- **Exercise**
Reproduce the data exactly and drop any pictures it holds.
(Material supplied Opens)
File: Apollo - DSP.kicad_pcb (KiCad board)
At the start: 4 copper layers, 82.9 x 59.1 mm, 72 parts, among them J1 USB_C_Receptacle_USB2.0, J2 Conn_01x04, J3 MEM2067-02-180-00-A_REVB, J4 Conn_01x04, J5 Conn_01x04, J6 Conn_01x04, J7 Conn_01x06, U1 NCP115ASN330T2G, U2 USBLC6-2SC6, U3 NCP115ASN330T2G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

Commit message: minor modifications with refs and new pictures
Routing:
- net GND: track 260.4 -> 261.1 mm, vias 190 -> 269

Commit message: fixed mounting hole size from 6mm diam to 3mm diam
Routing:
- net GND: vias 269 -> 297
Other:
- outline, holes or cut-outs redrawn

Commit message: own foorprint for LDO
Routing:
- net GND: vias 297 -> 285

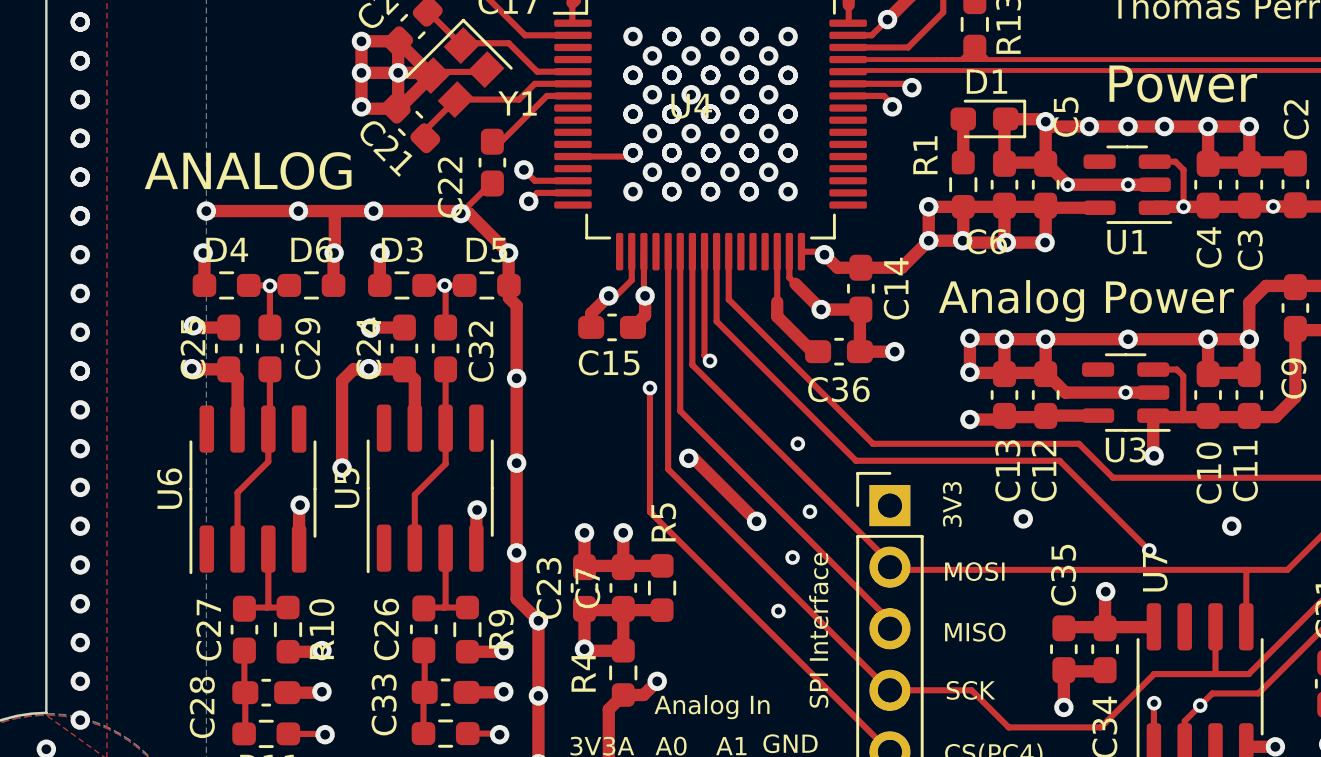
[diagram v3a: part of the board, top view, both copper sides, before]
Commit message: replaced 741 opamp for lm358 due to cost reasons
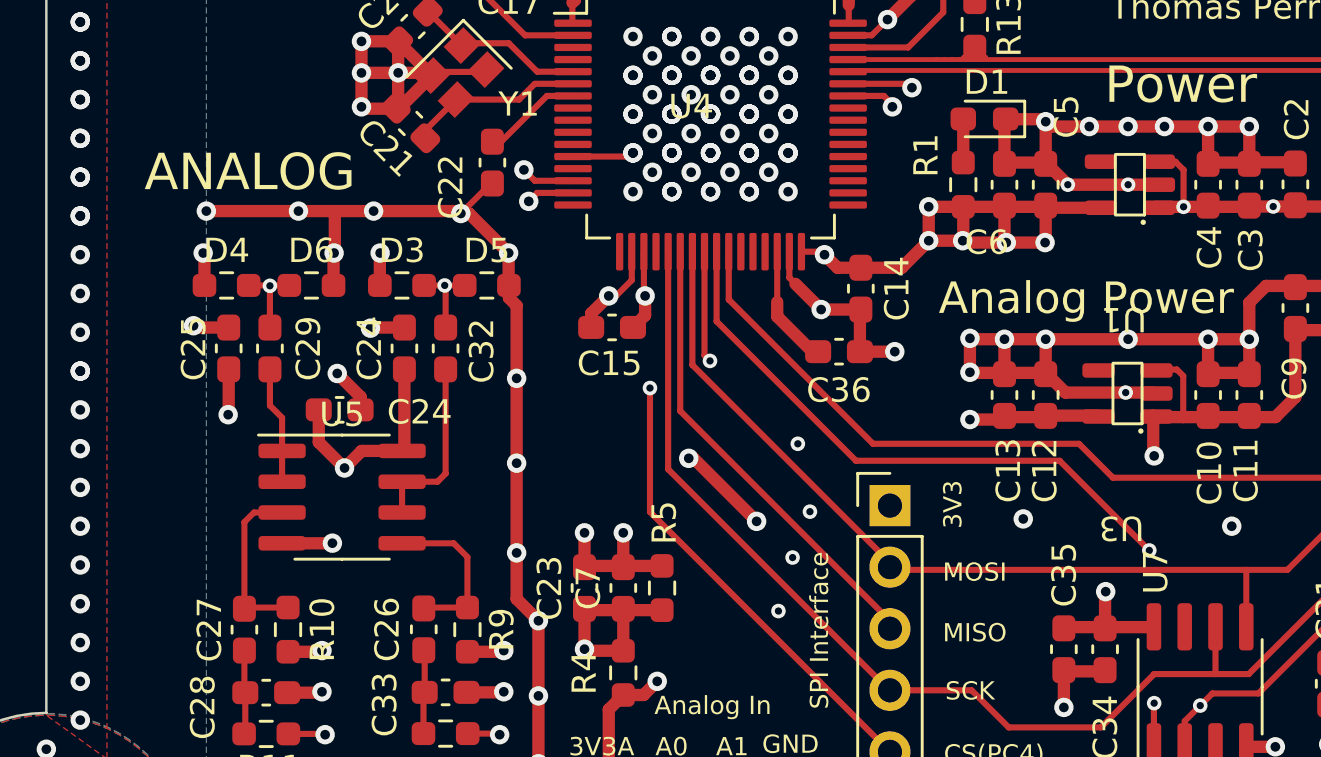
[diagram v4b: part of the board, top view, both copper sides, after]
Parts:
- removed U6: UA741, Package_SO:SOIC-8_3.9x4.9mm_P1.27mm
- added C24: 100n, Capacitor_SMD:C_0603_1608Metric_Pad1.08x0.95mm_HandSolder, F.Cu at (64.0, 106.7)
- U1, U3: footprint Package_TO_SOT_SMD:SOT-23-5 -> NCP115ASN330T2G:NCP115ASN330T2G
- U5: value UA741 -> LM358
- moved U5 3.65 mm to (64.1, 110.3), turned to 0 degrees
- moved U1 0.11 mm to (96.6, 97.4)
- moved U3 0.08 mm to (96.5, 106.0)
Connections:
- U1 pad 4: unconnected-(U1-Pad4) -> (no net)
- U3 pad 4: unconnected-(U3-Pad4) -> (no net)
- U5 pad 1: (no net) -> /Analog/CH0_OP_OUT
- U5 pad 2: /Analog/CH1_OP_OUT -> /Analog/CH0_OP_OUT
- U5 pad 3: /Analog/CH1_+ -> /Analog/CH0_+
- U5 pad 5: (no net) -> /Analog/CH1_+
- U5 pad 7: +5VA -> /Analog/CH1_OP_OUT
- U5 pad 8: unconnected-(U5-Pad8) -> +5VA
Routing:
- net +5VA: track 74.1 -> 68.5 mm, vias 6 -> 5
- net /Analog/CH0_OP_OUT: track 8.03 -> 4.84 mm
- net /Analog/CH0_+: track 4.20 -> 7.11 mm
- net /Analog/CH1_+: track 4.23 -> 6.83 mm

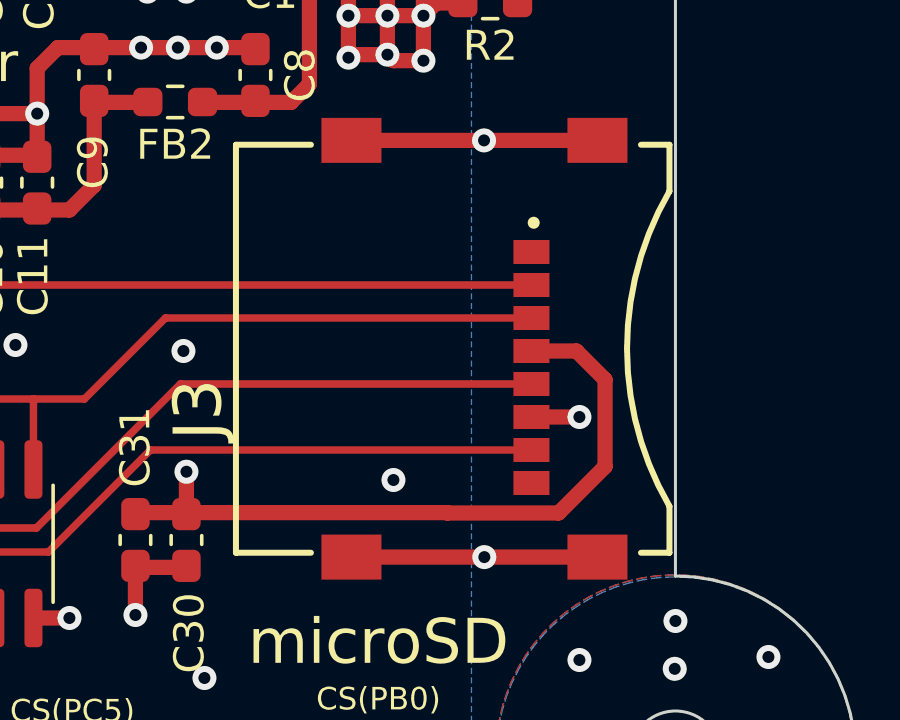
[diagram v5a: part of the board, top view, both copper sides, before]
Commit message: added jlcpcb ordernumber location
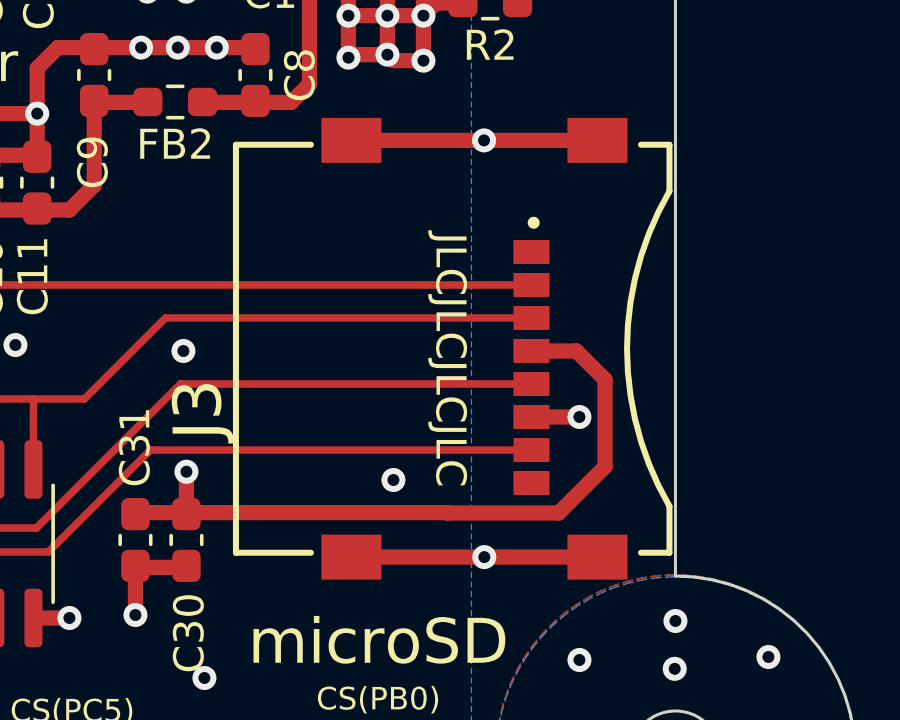
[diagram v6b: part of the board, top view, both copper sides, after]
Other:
- board text added: "JLCJLCJLCJLC"
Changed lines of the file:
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@@
     (effects (font (size 0.75 0.75) (thickness 0.1875)))
+  )
+  (gr_text "JLCJLCJLCJLC" (at 115.3 112 270) (layer "F.SilkS")
+    (effects (font (size 1 1) (thickness 0.15)))
   )
   (gr_text "MOSI" (at 90.2 113.4) (layer "F.SilkS")

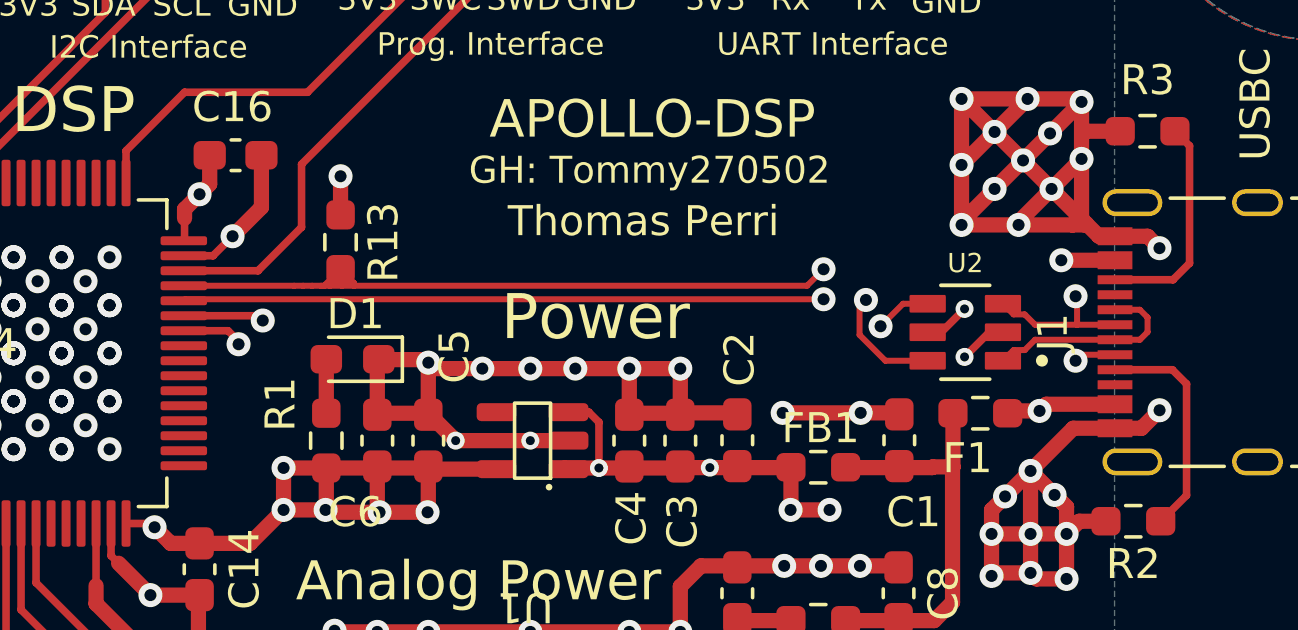
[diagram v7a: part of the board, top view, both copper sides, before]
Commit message: tiedied usb differential pair routing
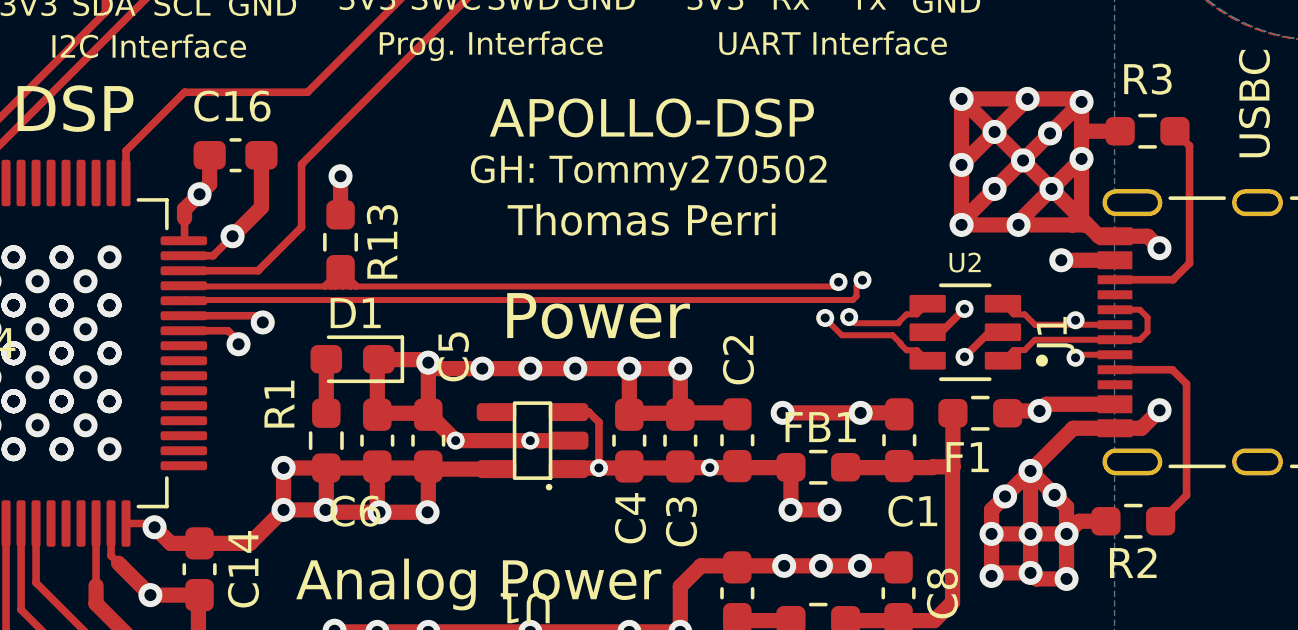
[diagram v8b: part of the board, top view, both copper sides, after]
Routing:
- net USB_D-: track 25.5 -> 27.7 mm
- net USB_CONN_-: track 8.54 -> 6.80 mm
- net USB_D+: track 30.0 -> 31.5 mm
(Material supplied Closes)
- **The completed task**
File: Apollo - DSP.kicad_pcb (KiCad board)
At the start: 4 copper layers, 82.9 x 59.1 mm, 72 parts, among them J1 USB_C_Receptacle_USB2.0, J2 Conn_01x04, J3 MEM2067-02-180-00-A_REVB, J4 Conn_01x04, J5 Conn_01x04, J6 Conn_01x04, J7 Conn_01x06, U1 NCP115ASN330T2G, U2 USBLC6-2SC6, U3 NCP115ASN330T2G

Commit message: minor modifications with refs and new pictures
Routing:
- net GND: track 260.4 -> 261.1 mm, vias 190 -> 269

Commit message: fixed mounting hole size from 6mm diam to 3mm diam
Routing:
- net GND: vias 269 -> 297
Other:
- outline, holes or cut-outs redrawn

Commit message: own foorprint for LDO
Routing:
- net GND: vias 297 -> 285

[diagram v3a: part of the board, top view, both copper sides, before]
Commit message: replaced 741 opamp for lm358 due to cost reasons
[diagram v4b: part of the board, top view, both copper sides, after]
Parts:
- removed U6: UA741, Package_SO:SOIC-8_3.9x4.9mm_P1.27mm
- added C24: 100n, Capacitor_SMD:C_0603_1608Metric_Pad1.08x0.95mm_HandSolder, F.Cu at (64.0, 106.7)
- U1, U3: footprint Package_TO_SOT_SMD:SOT-23-5 -> NCP115ASN330T2G:NCP115ASN330T2G
- U5: value UA741 -> LM358
- moved U5 3.65 mm to (64.1, 110.3), turned to 0 degrees
- moved U1 0.11 mm to (96.6, 97.4)
- moved U3 0.08 mm to (96.5, 106.0)
Connections:
- U1 pad 4: unconnected-(U1-Pad4) -> (no net)
- U3 pad 4: unconnected-(U3-Pad4) -> (no net)
- U5 pad 1: (no net) -> /Analog/CH0_OP_OUT
- U5 pad 2: /Analog/CH1_OP_OUT -> /Analog/CH0_OP_OUT
- U5 pad 3: /Analog/CH1_+ -> /Analog/CH0_+
- U5 pad 5: (no net) -> /Analog/CH1_+
- U5 pad 7: +5VA -> /Analog/CH1_OP_OUT
- U5 pad 8: unconnected-(U5-Pad8) -> +5VA
Routing:
- net +5VA: track 74.1 -> 68.5 mm, vias 6 -> 5
- net /Analog/CH0_OP_OUT: track 8.03 -> 4.84 mm
- net /Analog/CH0_+: track 4.20 -> 7.11 mm
- net /Analog/CH1_+: track 4.23 -> 6.83 mm

[diagram v5a: part of the board, top view, both copper sides, before]
Commit message: added jlcpcb ordernumber location
[diagram v6b: part of the board, top view, both copper sides, after]
Other:
- board text added: "JLCJLCJLCJLC"
Changed lines of the file:
@@
     (effects (font (size 0.75 0.75) (thickness 0.1875)))
+  )
+  (gr_text "JLCJLCJLCJLC" (at 115.3 112 270) (layer "F.SilkS")
+    (effects (font (size 1 1) (thickness 0.15)))
   )
   (gr_text "MOSI" (at 90.2 113.4) (layer "F.SilkS")

[diagram v7a: part of the board, top view, both copper sides, before]
Commit message: tiedied usb differential pair routing
[diagram v8b: part of the board, top view, both copper sides, after]
Routing:
- net USB_D-: track 25.5 -> 27.7 mm
- net USB_CONN_-: track 8.54 -> 6.80 mm
- net USB_D+: track 30.0 -> 31.5 mm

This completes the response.